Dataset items

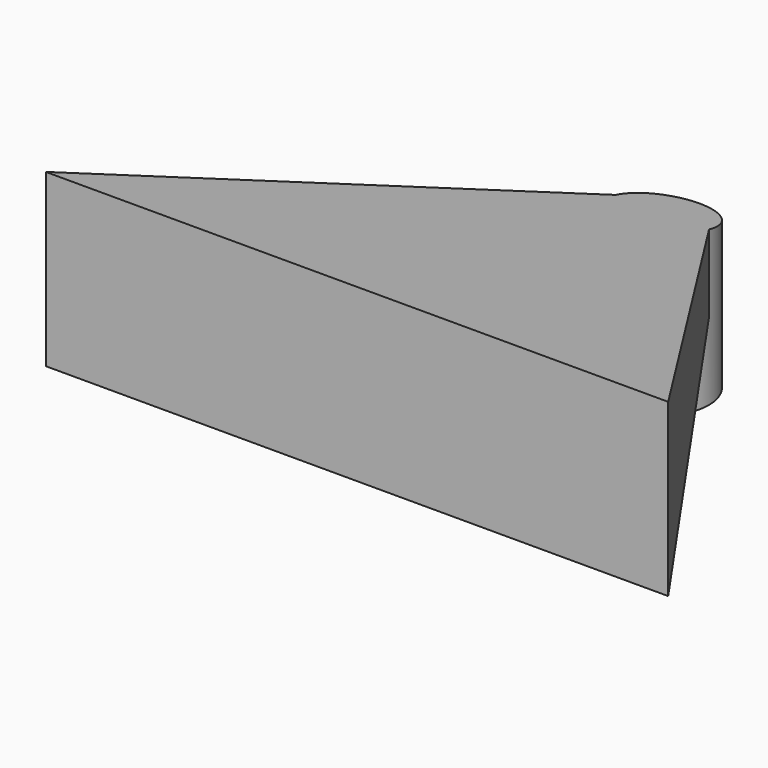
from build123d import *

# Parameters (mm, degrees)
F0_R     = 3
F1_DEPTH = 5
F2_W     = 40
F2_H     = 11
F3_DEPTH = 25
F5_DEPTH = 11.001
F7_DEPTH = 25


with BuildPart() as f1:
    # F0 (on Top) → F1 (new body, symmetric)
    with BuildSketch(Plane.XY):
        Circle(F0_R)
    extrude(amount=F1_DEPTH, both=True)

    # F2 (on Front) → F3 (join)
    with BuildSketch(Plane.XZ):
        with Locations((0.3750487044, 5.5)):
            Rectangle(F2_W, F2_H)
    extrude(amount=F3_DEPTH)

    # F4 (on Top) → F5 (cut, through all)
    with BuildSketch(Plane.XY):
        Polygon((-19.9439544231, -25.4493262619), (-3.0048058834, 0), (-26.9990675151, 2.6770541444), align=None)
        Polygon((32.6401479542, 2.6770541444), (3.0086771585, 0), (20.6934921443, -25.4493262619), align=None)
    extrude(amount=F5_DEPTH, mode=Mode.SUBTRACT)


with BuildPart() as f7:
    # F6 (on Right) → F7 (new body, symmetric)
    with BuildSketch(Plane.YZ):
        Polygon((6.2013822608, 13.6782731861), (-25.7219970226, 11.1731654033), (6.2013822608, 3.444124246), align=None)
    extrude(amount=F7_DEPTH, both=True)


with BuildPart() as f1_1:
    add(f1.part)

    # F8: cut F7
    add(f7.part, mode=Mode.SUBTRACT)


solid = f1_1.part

(PROBLEM DETAILS)
Write the records out exactly once more, leaving off the pictures.

(EXPECTED ANSWER)
from build123d import *

# Parameters (mm, degrees)
F0_R     = 3
F1_DEPTH = 5
F2_W     = 40
F2_H     = 11
F3_DEPTH = 25
F5_DEPTH = 11.001
F7_DEPTH = 25


with BuildPart() as f1:
    # F0 (on Top) → F1 (new body, symmetric)
    with BuildSketch(Plane.XY):
        Circle(F0_R)
    extrude(amount=F1_DEPTH, both=True)

    # F2 (on Front) → F3 (join)
    with BuildSketch(Plane.XZ):
        with Locations((0.3750487044, 5.5)):
            Rectangle(F2_W, F2_H)
    extrude(amount=F3_DEPTH)

    # F4 (on Top) → F5 (cut, through all)
    with BuildSketch(Plane.XY):
        Polygon((-19.9439544231, -25.4493262619), (-3.0048058834, 0), (-26.9990675151, 2.6770541444), align=None)
        Polygon((32.6401479542, 2.6770541444), (3.0086771585, 0), (20.6934921443, -25.4493262619), align=None)
    extrude(amount=F5_DEPTH, mode=Mode.SUBTRACT)


with BuildPart() as f7:
    # F6 (on Right) → F7 (new body, symmetric)
    with BuildSketch(Plane.YZ):
        Polygon((6.2013822608, 13.6782731861), (-25.7219970226, 11.1731654033), (6.2013822608, 3.444124246), align=None)
    extrude(amount=F7_DEPTH, both=True)


with BuildPart() as f1_1:
    add(f1.part)

    # F8: cut F7
    add(f7.part, mode=Mode.SUBTRACT)


solid = f1_1.part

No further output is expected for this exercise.